** Records to use follows **

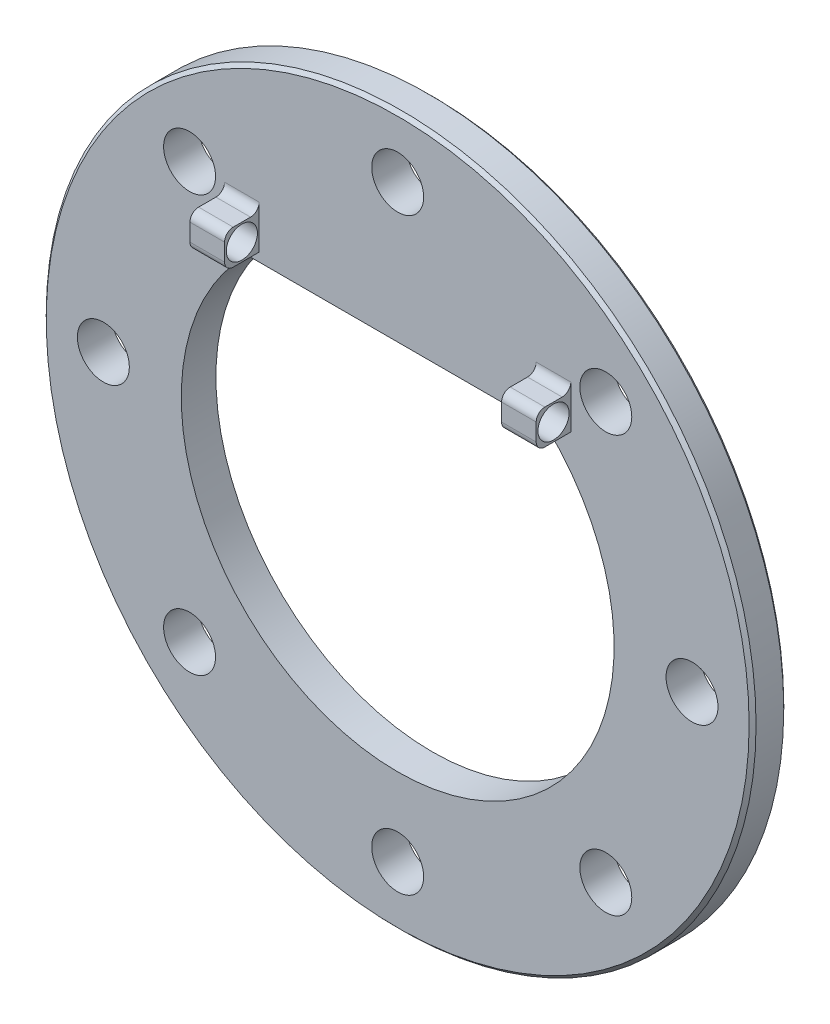
ISO-10303-21;
HEADER;
FILE_DESCRIPTION(('STEP AP214'),'2;1');
FILE_NAME('part.step','',(''),(''),'','','');
FILE_SCHEMA(('AUTOMOTIVE_DESIGN { 1 0 10303 214 1 1 1 1 }'));
ENDSEC;
DATA;
#1=APPLICATION_CONTEXT('core data for automotive mechanical design processes');
#2=APPLICATION_PROTOCOL_DEFINITION('international standard','automotive_design',2000,#1);
#3=PRODUCT_CONTEXT('',#1,'mechanical');
#4=PRODUCT('Part','Part','',(#3));
#5=PRODUCT_RELATED_PRODUCT_CATEGORY('part','',(#4));
#6=PRODUCT_DEFINITION_FORMATION('','',#4);
#7=PRODUCT_DEFINITION_CONTEXT('part definition',#1,'design');
#8=PRODUCT_DEFINITION('design','',#6,#7);
#9=PRODUCT_DEFINITION_SHAPE('','',#8);
#10=(LENGTH_UNIT() NAMED_UNIT(*) SI_UNIT(.MILLI.,.METRE.));
#11=(NAMED_UNIT(*) PLANE_ANGLE_UNIT() SI_UNIT($,.RADIAN.));
#12=(NAMED_UNIT(*) SI_UNIT($,.STERADIAN.) SOLID_ANGLE_UNIT());
#13=UNCERTAINTY_MEASURE_WITH_UNIT(LENGTH_MEASURE(1.E-05),#10,'distance_accuracy_value','');
#14=(GEOMETRIC_REPRESENTATION_CONTEXT(3) GLOBAL_UNCERTAINTY_ASSIGNED_CONTEXT((#13)) GLOBAL_UNIT_ASSIGNED_CONTEXT((#10,
#11,#12)) REPRESENTATION_CONTEXT('',''));
#15=CARTESIAN_POINT('',(0.,0.,0.));
#16=DIRECTION('',(0.,0.,1.));
#17=DIRECTION('',(1.,0.,0.));
#18=AXIS2_PLACEMENT_3D('',#15,#16,#17);
#19=CARTESIAN_POINT('',(0.,0.,20.));
#20=DIRECTION('',(0.,0.,1.));
#21=DIRECTION('',(1.,0.,0.));
#22=AXIS2_PLACEMENT_3D('',#19,#20,#21);
#23=PLANE('',#22);
#24=CARTESIAN_POINT('',(0.,0.,20.));
#25=DIRECTION('',(0.,0.,1.));
#26=DIRECTION('',(1.,0.,0.));
#27=AXIS2_PLACEMENT_3D('',#24,#25,#26);
#28=CIRCLE('',#27,125.);
#29=CARTESIAN_POINT('',(-86.7467578644874,90.,20.));
#30=VERTEX_POINT('',#29);
#31=CARTESIAN_POINT('',(86.7467578644874,90.,20.));
#32=VERTEX_POINT('',#31);
#33=EDGE_CURVE('E199',#30,#32,#28,.T.);
#34=ORIENTED_EDGE('',*,*,#33,.F.);
#35=DIRECTION('',(-1.,0.,0.));
#36=VECTOR('',#35,1.);
#37=CARTESIAN_POINT('',(-86.7467578644874,90.,20.));
#38=LINE('',#37,#36);
#39=EDGE_CURVE('E206',#32,#30,#38,.T.);
#40=ORIENTED_EDGE('',*,*,#39,.F.);
#41=EDGE_LOOP('',(#34,#40));
#42=FACE_BOUND('',#41,.T.);
#43=CARTESIAN_POINT('',(0.,0.,20.));
#44=DIRECTION('',(0.,0.,1.));
#45=DIRECTION('',(1.,0.,0.));
#46=AXIS2_PLACEMENT_3D('',#43,#44,#45);
#47=CIRCLE('',#46,203.);
#48=CARTESIAN_POINT('',(203.,0.,20.));
#49=VERTEX_POINT('',#48);
#50=EDGE_CURVE('E271',#49,#49,#47,.T.);
#51=ORIENTED_EDGE('',*,*,#50,.T.);
#52=EDGE_LOOP('',(#51));
#53=FACE_BOUND('',#52,.T.);
#54=CARTESIAN_POINT('',(-169.999999999992,-7.67202457601036E-12,20.));
#55=DIRECTION('',(0.,0.,1.));
#56=DIRECTION('',(1.,0.,0.));
#57=AXIS2_PLACEMENT_3D('',#54,#55,#56);
#58=CIRCLE('',#57,15.);
#59=CARTESIAN_POINT('',(-154.999999999992,-7.67202457601036E-12,20.));
#60=VERTEX_POINT('',#59);
#61=EDGE_CURVE('E221',#60,#60,#58,.T.);
#62=ORIENTED_EDGE('',*,*,#61,.F.);
#63=EDGE_LOOP('',(#62));
#64=FACE_BOUND('',#63,.T.);
#65=CARTESIAN_POINT('',(1.53024111608497E-11,-170.,20.));
#66=DIRECTION('',(0.,0.,1.));
#67=DIRECTION('',(1.,0.,0.));
#68=AXIS2_PLACEMENT_3D('',#65,#66,#67);
#69=CIRCLE('',#68,15.);
#70=CARTESIAN_POINT('',(15.0000000000153,-170.,20.));
#71=VERTEX_POINT('',#70);
#72=EDGE_CURVE('E233',#71,#71,#69,.T.);
#73=ORIENTED_EDGE('',*,*,#72,.F.);
#74=EDGE_LOOP('',(#73));
#75=FACE_BOUND('',#74,.T.);
#76=CARTESIAN_POINT('',(170.000000000008,7.65120558042486E-12,20.));
#77=DIRECTION('',(0.,0.,1.));
#78=DIRECTION('',(1.,0.,0.));
#79=AXIS2_PLACEMENT_3D('',#76,#77,#78);
#80=CIRCLE('',#79,15.);
#81=CARTESIAN_POINT('',(185.000000000008,7.65120558042486E-12,20.));
#82=VERTEX_POINT('',#81);
#83=EDGE_CURVE('E245',#82,#82,#80,.T.);
#84=ORIENTED_EDGE('',*,*,#83,.F.);
#85=EDGE_LOOP('',(#84));
#86=FACE_BOUND('',#85,.T.);
#87=CARTESIAN_POINT('',(0.,170.,20.));
#88=DIRECTION('',(0.,0.,1.));
#89=DIRECTION('',(1.,0.,0.));
#90=AXIS2_PLACEMENT_3D('',#87,#88,#89);
#91=CIRCLE('',#90,15.);
#92=CARTESIAN_POINT('',(15.,170.,20.));
#93=VERTEX_POINT('',#92);
#94=EDGE_CURVE('E257',#93,#93,#91,.T.);
#95=ORIENTED_EDGE('',*,*,#94,.F.);
#96=EDGE_LOOP('',(#95));
#97=FACE_BOUND('',#96,.T.);
#98=CARTESIAN_POINT('',(120.208152801715,120.208152801718,20.));
#99=DIRECTION('',(0.,0.,1.));
#100=DIRECTION('',(1.,0.,0.));
#101=AXIS2_PLACEMENT_3D('',#98,#99,#100);
#102=CIRCLE('',#101,15.0000000000009);
#103=CARTESIAN_POINT('',(135.208152801716,120.208152801718,20.));
#104=VERTEX_POINT('',#103);
#105=EDGE_CURVE('E251',#104,#104,#102,.T.);
#106=ORIENTED_EDGE('',*,*,#105,.F.);
#107=EDGE_LOOP('',(#106));
#108=FACE_BOUND('',#107,.T.);
#109=CARTESIAN_POINT('',(120.208152801726,-120.208152801708,20.));
#110=DIRECTION('',(0.,0.,1.));
#111=DIRECTION('',(1.,0.,0.));
#112=AXIS2_PLACEMENT_3D('',#109,#110,#111);
#113=CIRCLE('',#112,15.);
#114=CARTESIAN_POINT('',(135.208152801726,-120.208152801708,20.));
#115=VERTEX_POINT('',#114);
#116=EDGE_CURVE('E239',#115,#115,#113,.T.);
#117=ORIENTED_EDGE('',*,*,#116,.F.);
#118=EDGE_LOOP('',(#117));
#119=FACE_BOUND('',#118,.T.);
#120=CARTESIAN_POINT('',(-120.2081528017,-120.208152801719,20.));
#121=DIRECTION('',(0.,0.,1.));
#122=DIRECTION('',(1.,0.,0.));
#123=AXIS2_PLACEMENT_3D('',#120,#121,#122);
#124=CIRCLE('',#123,15.);
#125=CARTESIAN_POINT('',(-105.2081528017,-120.208152801719,20.));
#126=VERTEX_POINT('',#125);
#127=EDGE_CURVE('E227',#126,#126,#124,.T.);
#128=ORIENTED_EDGE('',*,*,#127,.F.);
#129=EDGE_LOOP('',(#128));
#130=FACE_BOUND('',#129,.T.);
#131=CARTESIAN_POINT('',(-120.208152801711,120.208152801708,20.));
#132=DIRECTION('',(0.,0.,1.));
#133=DIRECTION('',(1.,0.,0.));
#134=AXIS2_PLACEMENT_3D('',#131,#132,#133);
#135=CIRCLE('',#134,15.);
#136=CARTESIAN_POINT('',(-105.208152801711,120.208152801708,20.));
#137=VERTEX_POINT('',#136);
#138=EDGE_CURVE('E215',#137,#137,#135,.T.);
#139=ORIENTED_EDGE('',*,*,#138,.F.);
#140=EDGE_LOOP('',(#139));
#141=FACE_BOUND('',#140,.T.);
#142=DIRECTION('',(0.,-1.,0.));
#143=VECTOR('',#142,1.);
#144=CARTESIAN_POINT('',(-100.,95.,20.));
#145=LINE('',#144,#143);
#146=CARTESIAN_POINT('',(-100.,120.,20.));
#147=VERTEX_POINT('',#146);
#148=CARTESIAN_POINT('',(-100.,95.,20.));
#149=VERTEX_POINT('',#148);
#150=EDGE_CURVE('E175',#147,#149,#145,.T.);
#151=ORIENTED_EDGE('',*,*,#150,.F.);
#152=DIRECTION('',(-1.,0.,0.));
#153=VECTOR('',#152,1.);
#154=CARTESIAN_POINT('',(0.,120.,20.));
#155=LINE('',#154,#153);
#156=CARTESIAN_POINT('',(-80.,120.,20.));
#157=VERTEX_POINT('',#156);
#158=EDGE_CURVE('E297',#147,#157,#155,.F.);
#159=ORIENTED_EDGE('',*,*,#158,.T.);
#160=DIRECTION('',(0.,1.,0.));
#161=VECTOR('',#160,1.);
#162=CARTESIAN_POINT('',(-80.,115.,20.));
#163=LINE('',#162,#161);
#164=CARTESIAN_POINT('',(-80.,95.,20.));
#165=VERTEX_POINT('',#164);
#166=EDGE_CURVE('E180',#165,#157,#163,.T.);
#167=ORIENTED_EDGE('',*,*,#166,.F.);
#168=DIRECTION('',(1.,0.,0.));
#169=VECTOR('',#168,1.);
#170=CARTESIAN_POINT('',(-100.,95.,20.));
#171=LINE('',#170,#169);
#172=EDGE_CURVE('E186',#149,#165,#171,.T.);
#173=ORIENTED_EDGE('',*,*,#172,.F.);
#174=EDGE_LOOP('',(#151,#159,#167,#173));
#175=FACE_BOUND('',#174,.T.);
#176=DIRECTION('',(0.,-1.,0.));
#177=VECTOR('',#176,1.);
#178=CARTESIAN_POINT('',(80.,115.,20.));
#179=LINE('',#178,#177);
#180=CARTESIAN_POINT('',(80.,120.,20.));
#181=VERTEX_POINT('',#180);
#182=CARTESIAN_POINT('',(80.,95.,20.));
#183=VERTEX_POINT('',#182);
#184=EDGE_CURVE('E155',#181,#183,#179,.T.);
#185=ORIENTED_EDGE('',*,*,#184,.F.);
#186=DIRECTION('',(-1.,0.,0.));
#187=VECTOR('',#186,1.);
#188=CARTESIAN_POINT('',(0.,120.,20.));
#189=LINE('',#188,#187);
#190=CARTESIAN_POINT('',(100.,120.,20.));
#191=VERTEX_POINT('',#190);
#192=EDGE_CURVE('E295',#181,#191,#189,.F.);
#193=ORIENTED_EDGE('',*,*,#192,.T.);
#194=DIRECTION('',(0.,1.,0.));
#195=VECTOR('',#194,1.);
#196=CARTESIAN_POINT('',(100.,95.,20.));
#197=LINE('',#196,#195);
#198=CARTESIAN_POINT('',(100.,95.,20.));
#199=VERTEX_POINT('',#198);
#200=EDGE_CURVE('E163',#199,#191,#197,.T.);
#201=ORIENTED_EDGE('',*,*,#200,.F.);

** End of Records to use **

• Task directions
Lines with the word "VECTOR" in them: report all of these from the listing above.

• Exercise solution
#36=VECTOR('',#35,1.);
#143=VECTOR('',#142,1.);
#153=VECTOR('',#152,1.);
#161=VECTOR('',#160,1.);
#169=VECTOR('',#168,1.);
#177=VECTOR('',#176,1.);
#187=VECTOR('',#186,1.);
#195=VECTOR('',#194,1.);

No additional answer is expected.